Hajj 2023: Egyptian pilgrims to take COVID, meningitis vaccines – Health ministry
Egyptians willing to perform Hajj (annual Islamic pilgrimage) this year in the holy city of Mecca are required to be fully vaccinated against coronavirus and to take a meningitis vaccine shot, Spokesman of Egypt’s Ministry of Health Hossam Abdel-Ghaffar affirmed.
This comes in line with the health protocols issued by Saudi Arabia’s Ministry of Hajj and Umrah for this year, which requires pilgrims coming from around the world to take the vaccines for coronavirus, meningitis, and also the seasonal flu.
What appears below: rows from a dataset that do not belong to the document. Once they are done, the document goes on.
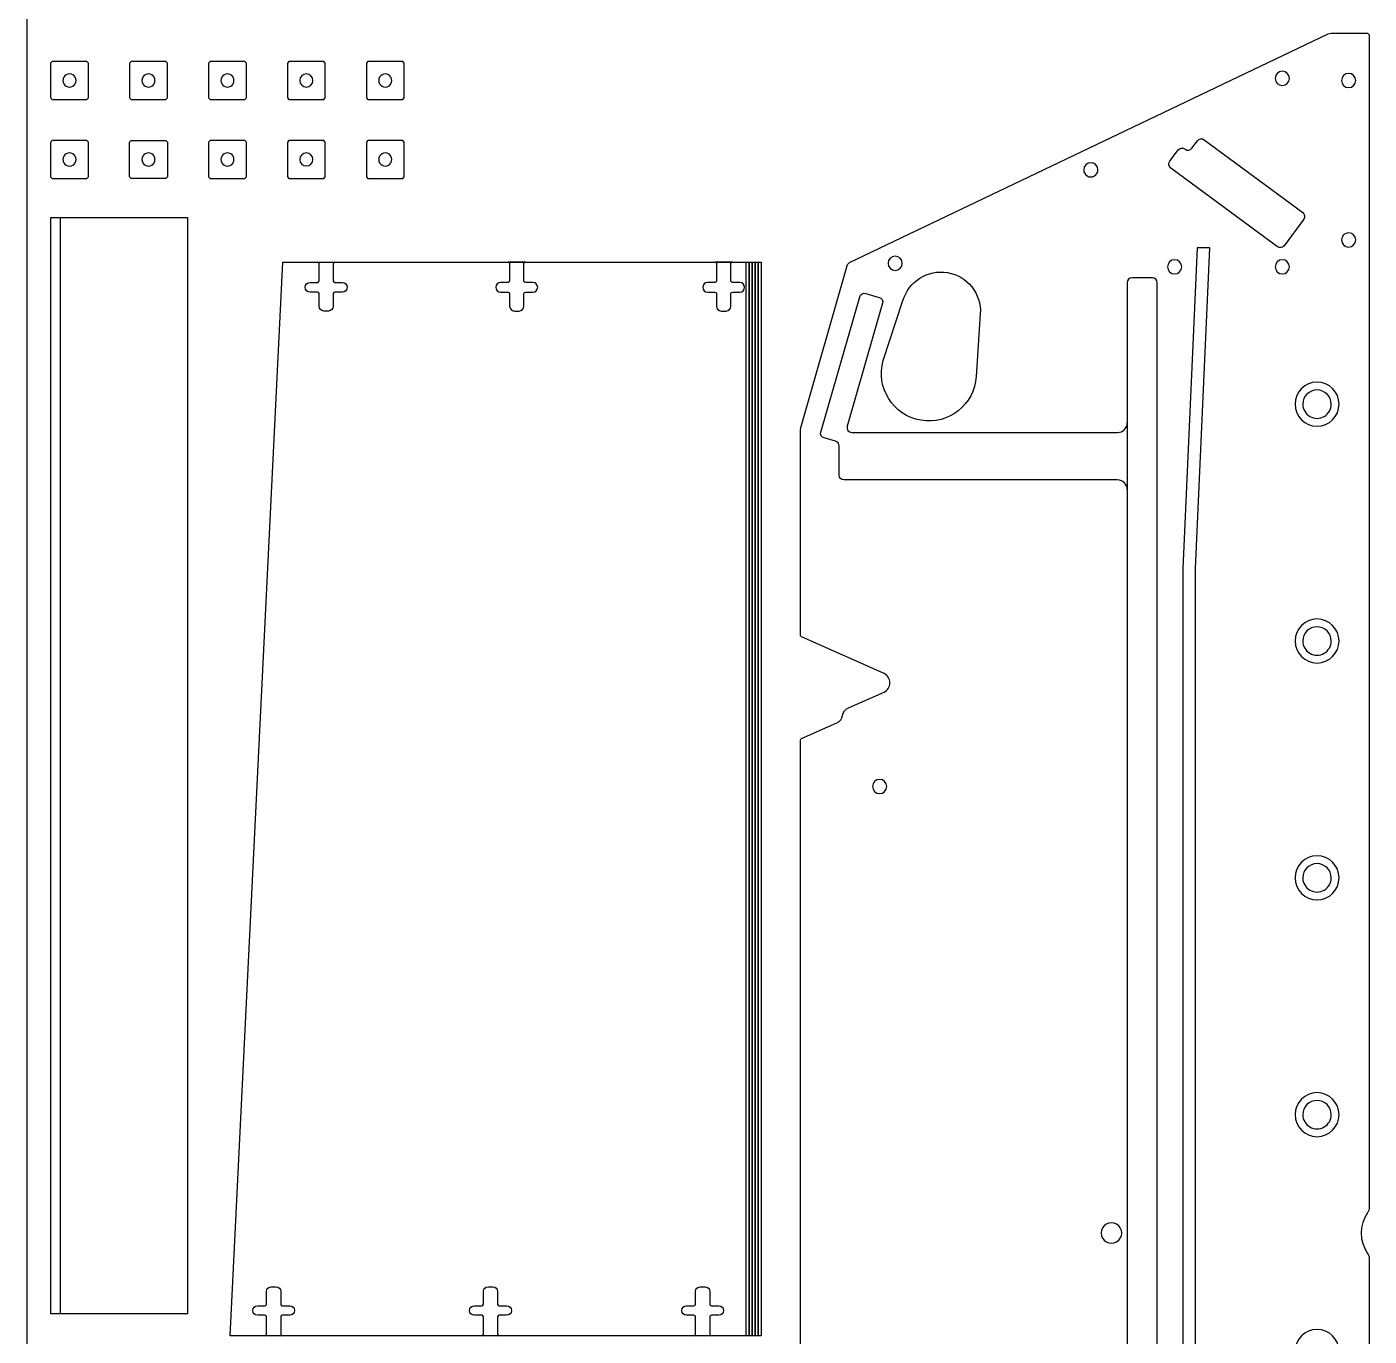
# Model space of a CAD drawing. Extents: x 150 to 6088, y 37 to 2750.
# Drawn here: x 1700 to 2550, y 910 to 1739 of the extents above; entities that cross this region are included whole.
import ezdxf

# ---------------------------------------------------------------- set-up
doc = ezdxf.new("R2010")
doc.units = 0
for name, color, linetype in [('00_Layout', 7, 'CONTINUOUS'), ('02_Counture_inner_24_mm', 7, 'CONTINUOUS'), ('02_Counture_outer_24_mm', 7, 'CONTINUOUS'), ('02_Drill_milling_24_mm', 7, 'CONTINUOUS'), ('02_Pocket_10_mm', 7, 'CONTINUOUS'), ('02_Pocket_12_mm', 7, 'CONTINUOUS'), ('02_Pocket_16_mm', 7, 'CONTINUOUS'), ('02_Pocket_18_mm', 7, 'CONTINUOUS'), ('02_Pocket_20_mm', 7, 'CONTINUOUS'), ('02_Pocket_4_mm', 7, 'CONTINUOUS'), ('02_Pocket_6_mm', 7, 'CONTINUOUS'), ('02_Pocket_8_mm', 7, 'CONTINUOUS')]:
    doc.layers.add(name, color=color, linetype=linetype)

msp = doc.modelspace()

# ---------------------------------------------------------------- linework, layer by layer
at = {"layer": '00_Layout', "color": 7}
msp.add_line((1699.996239, 2699.994087), (1699.996239, 200.007103), dxfattribs=at)
at = {"layer": '02_Counture_inner_24_mm', "color": 2}
for p, q in [((2242.353561, 1527.638643), (2254.791543, 1565.601136)), ((2303.774199, 1557.226113), (2301.133293, 1517.58717))]:
    msp.add_line(p, q, dxfattribs=at)
for points in [[(2254.791543, 1565.601136), (2258.311764, 1577.844227), (2270.474766, 1585.481937), (2283.031308, 1583.334795)], [(2283.031308, 1583.334795), (2295.587876, 1581.187653), (2304.521937, 1569.942383), (2303.774199, 1557.226113)], [(2266.128253, 1489.777459), (2248.503972, 1492.791242), (2237.411975, 1510.455131), (2242.353561, 1527.638643)], [(2301.133293, 1517.58717), (2300.083746, 1499.738153), (2283.752534, 1486.763676), (2266.128253, 1489.777459)]]:
    msp.add_open_spline(points, degree=3, dxfattribs=at)
at = {"layer": '02_Counture_outer_24_mm', "color": 5}
for p, q in [((2220.896137, 1589.762437), (2524.092077, 1734.573872)), ((2524.092077, 1734.573872), (2525.994427, 1735.005142)), ((2525.994427, 1735.005142), (2548.99458, 1735.005142)), ((2548.99458, 1735.005142), (2549.994703, 1734.005019)), ((2549.994703, 1734.005019), (2549.994703, 991.315501)), ((1715.995558, 1717.002931), (1714.995436, 1716.002808)), ((1737.995615, 1717.002931), (1715.995558, 1717.002931)), ((1738.995738, 1716.002808), (1737.995615, 1717.002931)), ((1765.996408, 1717.002931), (1764.996285, 1716.002808)), ((1787.996464, 1717.002931), (1765.996408, 1717.002931)), ((1788.996587, 1716.002808), (1787.996464, 1717.002931)), ((1815.994612, 1717.002931), (1814.994489, 1716.002808)), ((1837.994642, 1717.002931), (1815.994612, 1717.002931)), ((1838.994765, 1716.002808), (1837.994642, 1717.002931)), ((1865.995435, 1717.002931), (1864.995312, 1716.002808)), ((1887.995491, 1717.002931), (1865.995435, 1717.002931)), ((1888.995614, 1716.002808), (1887.995491, 1717.002931)), ((1915.996285, 1717.002931), (1914.996162, 1716.002808)), ((1937.996341, 1717.002931), (1915.996285, 1717.002931)), ((1938.993818, 1716.002808), (1937.996341, 1717.002931)), ((1714.995436, 1716.002808), (1714.995436, 1694.002752)), ((1738.995738, 1694.002752), (1738.995738, 1716.002808)), ((1764.996285, 1716.002808), (1764.996285, 1694.002752)), ((1788.996587, 1694.002752), (1788.996587, 1716.002808)), ((1814.994489, 1716.002808), (1814.994489, 1694.002752)), ((1838.994765, 1694.002752), (1838.994765, 1716.002808)), ((1864.995312, 1716.002808), (1864.995312, 1694.002752)), ((1888.995614, 1694.002752), (1888.995614, 1716.002808)), ((1914.996162, 1716.002808), (1914.996162, 1694.002752)), ((1938.993818, 1694.002752), (1938.993818, 1716.002808)), ((1714.995436, 1694.002752), (1715.995558, 1693.005275)), ((1715.995558, 1693.005275), (1737.995615, 1693.005275)), ((1737.995615, 1693.005275), (1738.995738, 1694.002752)), ((1764.996285, 1694.002752), (1765.996408, 1693.005275)), ((1765.996408, 1693.005275), (1787.996464, 1693.005275)), ((1787.996464, 1693.005275), (1788.996587, 1694.002752)), ((1814.994489, 1694.002752), (1815.994612, 1693.005275)), ((1815.994612, 1693.005275), (1837.994642, 1693.005275)), ((1837.994642, 1693.005275), (1838.994765, 1694.002752)), ((1864.995312, 1694.002752), (1865.995435, 1693.005275)), ((1865.995435, 1693.005275), (1887.995491, 1693.005275)), ((1887.995491, 1693.005275), (1888.995614, 1694.002752)), ((1914.996162, 1694.002752), (1915.996285, 1693.005275)), ((1915.996285, 1693.005275), (1937.996341, 1693.005275)), ((1937.996341, 1693.005275), (1938.993818, 1694.002752)), ((1715.995558, 1667.004727), (1714.995436, 1666.004604)), ((1714.995436, 1666.004604), (1714.995436, 1644.004548)), ((1737.995615, 1667.004727), (1715.995558, 1667.004727)), ((1738.995738, 1666.004604), (1737.995615, 1667.004727)), ((1738.995738, 1644.004548), (1738.995738, 1666.004604)), ((1764.996285, 1666.004604), (1765.996408, 1667.004727)), ((1764.996285, 1644.004548), (1764.996285, 1666.004604)), ((1765.996408, 1667.004727), (1787.996464, 1667.004727)), ((1787.996464, 1667.004727), (1788.996587, 1666.004604)), ((1788.996587, 1666.004604), (1788.996587, 1644.004548)), ((1815.994612, 1667.004727), (1814.994489, 1666.004604)), ((1814.994489, 1666.004604), (1814.994489, 1644.004548)), ((1837.994642, 1667.004727), (1815.994612, 1667.004727)), ((1838.994765, 1666.004604), (1837.994642, 1667.004727)), ((1838.994765, 1644.004548), (1838.994765, 1666.004604)), ((1865.995435, 1667.004727), (1864.995312, 1666.004604)), ((1864.995312, 1666.004604), (1864.995312, 1644.004548)), ((1887.995491, 1667.004727), (1865.995435, 1667.004727)), ((1888.995614, 1666.004604), (1887.995491, 1667.004727)), ((1888.995614, 1644.004548), (1888.995614, 1666.004604)), ((1915.996285, 1667.004727), (1914.996162, 1666.004604)), ((1914.996162, 1666.004604), (1914.996162, 1644.004548)), ((1937.996341, 1667.004727), (1915.996285, 1667.004727)), ((1938.993818, 1666.004604), (1937.996341, 1667.004727)), ((1938.993818, 1644.004548), (1938.993818, 1666.004604)), ((1714.995436, 1644.004548), (1715.995558, 1643.004425)), ((1715.995558, 1643.004425), (1737.995615, 1643.004425)), ((1737.995615, 1643.004425), (1738.995738, 1644.004548)), ((1765.996408, 1643.004425), (1764.996285, 1644.004548)), ((1787.996464, 1643.004425), (1765.996408, 1643.004425)), ((1788.996587, 1644.004548), (1787.996464, 1643.004425)), ((1814.994489, 1644.004548), (1815.994612, 1643.004425)), ((1815.994612, 1643.004425), (1837.994642, 1643.004425)), ((1837.994642, 1643.004425), (1838.994765, 1644.004548)), ((1864.995312, 1644.004548), (1865.995435, 1643.004425)), ((1865.995435, 1643.004425), (1887.995491, 1643.004425)), ((1887.995491, 1643.004425), (1888.995614, 1644.004548)), ((1914.996162, 1644.004548), (1915.996285, 1643.004425)), ((1915.996285, 1643.004425), (1937.996341, 1643.004425)), ((1937.996341, 1643.004425), (1938.993818, 1644.004548)), ((1721.382463, 1618.004), (1714.995436, 1618.004)), ((1714.995436, 1618.004), (1714.995436, 924.006071)), ((1802.016705, 1618.004), (1721.382463, 1618.004)), ((1802.016705, 924.006071), (1802.016705, 1618.004)), ((1828.71837, 910.006997), (1862.000235, 1590.003207)), ((1862.000235, 1590.003207), (1884.046594, 1590.003207)), ((1884.046594, 1590.003207), (1895.04133, 1590.003207)), ((1895.04133, 1590.003207), (2004.73205, 1590.003207)), ((2004.73205, 1590.003207), (2015.72811, 1590.003207)), ((2015.72811, 1590.003207), (2135.757374, 1590.003207)), ((2135.757374, 1590.003207), (2146.752111, 1590.003207)), ((2146.752111, 1590.003207), (2155.441009, 1590.003207)), ((2155.441009, 1590.003207), (2157.353942, 1590.003207)), ((2157.353942, 1590.003207), (2159.26423, 1590.003207)), ((2159.26423, 1590.003207), (2161.174517, 1590.003207)), ((2161.174517, 1590.003207), (2163.084805, 1590.003207)), ((2163.084805, 1590.003207), (2164.995092, 1590.003207)), ((2164.995092, 1590.003207), (2164.995092, 910.006997)), ((2219.718744, 1588.370731), (2220.896137, 1589.762437)), ((2190.270683, 1485.96662), (2219.718744, 1588.370731)), ((2189.995517, 1484.003416), (2190.270683, 1485.96662)), ((2189.995517, 1353.548136), (2189.995517, 1484.003416)), ((2242.787609, 1329.394296), (2190.588473, 1352.634955)), ((2220.203142, 1307.59527), (2242.787609, 1317.649891)), ((2246.494943, 1323.359561), (2246.494943, 1323.684627)), ((2190.5885, 1288.284009), (2212.959316, 1298.244942)), ((2189.995517, 662.640507), (2189.995517, 1287.370829)), ((2549.994703, 958.695834), (2549.994703, 216.006422)), ((1714.995436, 924.006071), (1721.382463, 924.006071)), ((1721.382463, 924.006071), (1802.016705, 924.006071)), ((1850.763406, 910.006997), (1828.71837, 910.006997)), ((1861.759465, 910.006997), (1850.763406, 910.006997)), ((1988.089795, 910.006997), (1861.759465, 910.006997)), ((1999.085854, 910.006997), (1988.089795, 910.006997)), ((2122.459445, 910.006997), (1999.085854, 910.006997)), ((2133.454182, 910.006997), (2122.459445, 910.006997)), ((2155.441009, 910.006997), (2133.454182, 910.006997)), ((2157.353942, 910.006997), (2155.441009, 910.006997)), ((2159.26423, 910.006997), (2157.353942, 910.006997)), ((2161.174517, 910.006997), (2159.26423, 910.006997)), ((2163.084805, 910.006997), (2161.174517, 910.006997)), ((2164.995092, 910.006997), (2163.084805, 910.006997))]:
    msp.add_line(p, q, dxfattribs=at)
for points in [[(2190.588473, 1352.634955), (2190.22745, 1352.795107), (2189.994988, 1353.153061), (2189.995517, 1353.548136)], [(2246.494943, 1323.684627), (2246.494863, 1326.152919), (2245.042013, 1328.390099), (2242.787609, 1329.394296)], [(2242.787609, 1317.649891), (2245.042013, 1318.654115), (2246.494863, 1320.891321), (2246.494943, 1323.359561)], [(2212.959316, 1298.244942), (2214.87426, 1299.097216), (2216.234216, 1300.852775), (2216.581137, 1302.919855)], [(2216.581137, 1302.919855), (2216.928057, 1304.986934), (2218.288039, 1306.742493), (2220.203142, 1307.59527)], [(2189.995517, 1287.370829), (2189.995517, 1287.765798), (2190.22745, 1288.123752), (2190.5885, 1288.284009)], [(2548.946082, 987.896245), (2543.676916, 980.110157), (2543.676916, 969.901046), (2548.946082, 962.114958)], [(2549.994703, 991.315501), (2549.994703, 990.096357), (2549.629129, 988.905576), (2548.946082, 987.896245)], [(2548.946082, 962.114958), (2549.629129, 961.105627), (2549.994173, 959.914846), (2549.994703, 958.695834)]]:
    msp.add_open_spline(points, degree=3, dxfattribs=at)
at = {"layer": '02_Drill_milling_24_mm', "color": 6}
for p, q in [((1731.145514, 1705.004023), (1731.145514, 1705.004023)), ((1781.145411, 1705.004023), (1781.145411, 1705.004023)), ((1831.145282, 1705.004023), (1831.145282, 1705.004023)), ((1881.145153, 1705.004023), (1881.145153, 1705.004023)), ((1931.14505, 1705.004023), (1931.14505, 1705.004023)), ((2499.493765, 1706.345696), (2499.493765, 1706.345696)), ((2541.493658, 1705.004023), (2541.493658, 1705.004023)), ((1731.145514, 1655.004126), (1731.145514, 1655.004126)), ((1781.145411, 1655.004126), (1781.145411, 1655.004126)), ((1831.145282, 1655.004126), (1831.145282, 1655.004126)), ((1881.145153, 1655.004126), (1881.145153, 1655.004126)), ((1931.14505, 1655.004126), (1931.14505, 1655.004126)), ((2378.244562, 1648.435621), (2378.244562, 1648.435621)), ((2541.493658, 1604.004238), (2541.493658, 1604.004238)), ((2254.326539, 1589.250892), (2254.326539, 1589.250892)), ((2431.293908, 1587.004267), (2431.293908, 1587.004267)), ((2499.493765, 1587.004267), (2499.493765, 1587.004267)), ((2525.993713, 1500.004456), (2525.993713, 1500.004456)), ((2525.993713, 1350.004791), (2525.993713, 1350.004791)), ((2244.494353, 1257.844081), (2244.494353, 1257.844081)), ((2525.993713, 1200.005125), (2525.993713, 1200.005125)), ((2525.993713, 1050.005434), (2525.993713, 1050.005434)), ((2393.294003, 975.005615), (2393.294003, 975.005615))]:
    msp.add_line(p, q, dxfattribs=at)
for points in [[(1724.920524, 1708.598024), (1723.636511, 1707.856699), (1722.845527, 1706.486674), (1722.845527, 1705.004023)], [(1729.070517, 1708.598024), (1727.786505, 1709.339349), (1726.204536, 1709.339349), (1724.920524, 1708.598024)], [(1731.145514, 1705.004023), (1731.145514, 1706.486674), (1730.35453, 1707.856699), (1729.070517, 1708.598024)], [(1774.920421, 1708.598024), (1773.636408, 1707.856699), (1772.845424, 1706.486674), (1772.845424, 1705.004023)], [(1779.070415, 1708.598024), (1777.786402, 1709.339349), (1776.204433, 1709.339349), (1774.920421, 1708.598024)], [(1781.145411, 1705.004023), (1781.145411, 1706.486674), (1780.354427, 1707.856699), (1779.070415, 1708.598024)], [(1824.920291, 1708.598024), (1823.636279, 1707.856699), (1822.845295, 1706.486674), (1822.845295, 1705.004023)], [(1829.070285, 1708.598024), (1827.786273, 1709.339349), (1826.204304, 1709.339349), (1824.920291, 1708.598024)], [(1831.145282, 1705.004023), (1831.145282, 1706.486674), (1830.354298, 1707.856699), (1829.070285, 1708.598024)], [(1876.995172, 1709.144879), (1874.706762, 1709.144879), (1872.850229, 1707.292428), (1872.845192, 1705.004023)], [(1881.145153, 1705.004023), (1881.140116, 1707.292428), (1879.283582, 1709.144879), (1876.995172, 1709.144879)], [(1924.920059, 1708.598024), (1923.636047, 1707.856699), (1922.845062, 1706.486674), (1922.845062, 1705.004023)], [(1929.070053, 1708.598024), (1927.786041, 1709.339349), (1926.204072, 1709.339349), (1924.920059, 1708.598024)], [(1931.14505, 1705.004023), (1931.14505, 1706.486674), (1930.354066, 1707.856699), (1929.070053, 1708.598024)], [(2494.993781, 1710.838448), (2492.511332, 1710.838448), (2490.49779, 1708.828143), (2490.493797, 1706.345696)], [(2499.493765, 1706.345696), (2499.489772, 1708.828143), (2497.476231, 1710.838448), (2494.993781, 1710.838448)], [(2536.993675, 1709.493329), (2534.512569, 1709.493329), (2532.499585, 1707.485122), (2532.493691, 1705.004023)], [(2541.493658, 1705.004023), (2541.487764, 1707.485122), (2539.47478, 1709.493329), (2536.993675, 1709.493329)], [(1722.845527, 1705.004023), (1722.845527, 1703.521373), (1723.636511, 1702.151348), (1724.920524, 1701.410023)], [(1724.920524, 1701.410023), (1726.204536, 1700.668698), (1727.786505, 1700.668698), (1729.070517, 1701.410023)], [(1729.070517, 1701.410023), (1730.35453, 1702.151348), (1731.145514, 1703.521373), (1731.145514, 1705.004023)], [(1772.845424, 1705.004023), (1772.845424, 1703.521373), (1773.636408, 1702.151348), (1774.920421, 1701.410023)], [(1774.920421, 1701.410023), (1776.204433, 1700.668698), (1777.786402, 1700.668698), (1779.070415, 1701.410023)], [(1779.070415, 1701.410023), (1780.354427, 1702.151348), (1781.145411, 1703.521373), (1781.145411, 1705.004023)], [(1822.845295, 1705.004023), (1822.845295, 1703.521373), (1823.636279, 1702.151348), (1824.920291, 1701.410023)], [(1824.920291, 1701.410023), (1826.204304, 1700.668698), (1827.786273, 1700.668698), (1829.070285, 1701.410023)], [(1829.070285, 1701.410023), (1830.354298, 1702.151348), (1831.145282, 1703.521373), (1831.145282, 1705.004023)], [(1872.845192, 1705.004023), (1872.850229, 1702.715619), (1874.706762, 1700.863167), (1876.995172, 1700.863167)], [(1876.995172, 1700.863167), (1879.283582, 1700.863167), (1881.140116, 1702.715619), (1881.145153, 1705.004023)], [(1922.845062, 1705.004023), (1922.845062, 1703.521373), (1923.636047, 1702.151348), (1924.920059, 1701.410023)], [(1924.920059, 1701.410023), (1926.204072, 1700.668698), (1927.786041, 1700.668698), (1929.070053, 1701.410023)], [(1929.070053, 1701.410023), (1930.354066, 1702.151348), (1931.14505, 1703.521373), (1931.14505, 1705.004023)], [(2490.493797, 1706.345696), (2490.49779, 1703.863249), (2492.511332, 1701.852944), (2494.993781, 1701.852944)], [(2494.993781, 1701.852944), (2497.476231, 1701.852944), (2499.489772, 1703.863249), (2499.493765, 1706.345696)], [(2532.493691, 1705.004023), (2532.499585, 1702.522925), (2534.512569, 1700.514717), (2536.993675, 1700.514717)], [(2536.993675, 1700.514717), (2539.47478, 1700.514717), (2541.487764, 1702.522925), (2541.493658, 1705.004023)], [(1724.920524, 1658.598127), (1723.636511, 1657.856802), (1722.845527, 1656.486776), (1722.845527, 1655.004126)], [(1729.070517, 1658.598127), (1727.786505, 1659.339452), (1726.204536, 1659.339452), (1724.920524, 1658.598127)], [(1731.145514, 1655.004126), (1731.145514, 1656.486776), (1730.35453, 1657.856802), (1729.070517, 1658.598127)], [(1774.920421, 1658.598127), (1773.636408, 1657.856802), (1772.845424, 1656.486776), (1772.845424, 1655.004126)], [(1779.070415, 1658.598127), (1777.786402, 1659.339452), (1776.204433, 1659.339452), (1774.920421, 1658.598127)], [(1781.145411, 1655.004126), (1781.145411, 1656.486776), (1780.354427, 1657.856802), (1779.070415, 1658.598127)], [(1824.920291, 1658.598127), (1823.636279, 1657.856802), (1822.845295, 1656.486776), (1822.845295, 1655.004126)], [(1829.070285, 1658.598127), (1827.786273, 1659.339452), (1826.204304, 1659.339452), (1824.920291, 1658.598127)], [(1831.145282, 1655.004126), (1831.145282, 1656.486776), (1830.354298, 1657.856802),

Pilgrims travelling from Egypt to Saudi Arabia have to submit coronavirus vaccination certificates with QR codes to prove that they took all the required vaccine doses, including a booster shot, the spokesman said.
Abdel-Ghaffar noted that the booster shot is only valid for six months before travel.
Travellers also have to submit valid vaccination certificates proving that they took one shot of the ACYW-135 vaccine against meningitis at least 10 days but no more than three years before travel.
Pilgrims can undergo the required medical examination for traveling to Hajj this year at 237 hospitals nationwide from 9 am to 2 pm, the spokesman said.
Patients with lung fibrosis, who are obese, or who have kidney failure requiring dialysis sessions are not allowed to perform Hajj this year.
In addition, patients with advanced cases of heart and blood vessels diseases as well as those who suffer from cirrhosis and tumors will not be allowed to travel for Hajj.
Those banned from travelling for Hajj also include psychiatric patients and those diagnosed with Alzheimer by accredited medical reports.
Egyptian authorities will also ban pregnant women in the early and late pregnancy stages from performing Hajj.
According to the Saudi Ministry of Hajj and Umrah, only those pilgrims who do not suffer from chronic or infectious diseases and who are above 12 years of age will be allowed to travel for Hajj this year.
The ministry also affirms that the priority for accepting pilgrims will be given to those who have not previously performed Hajj.
Saudi Arabia will not impose limits on the number of pilgrims for this year’s Hajj, Associated Press cited Minister of Hajj and Umrah Tawfiq Al-Rabiah as saying to reporters in Riyadh in January.
This comes after three years of restrictions to curb the COVID-19 pandemic.
Muslims perform the Hajj, the Islamic pilgrimage to Mecca, every year during Dhul-Hijjah month, the last month of the Islamic year, which coincides this year with the month of June.
All capable Muslims are required to perform the Hajj pilgrimage, one of the five pillars of Islam, at least once in their lifetime. Repeating Hajj is voluntary.
In 2022, nearly 900,000 pilgrims, including some 780,000 from abroad, were welcomed to Islam’s holiest cities of Mecca and Medina.
Around 35,000 Egyptians reportedly travelled to Mecca to perform the Hajj last year.
In December, Egypt’s Prime Minister Mostafa Madbouly announced cancelling the Hajj at the expense of the Egyptian state for the second year in a row.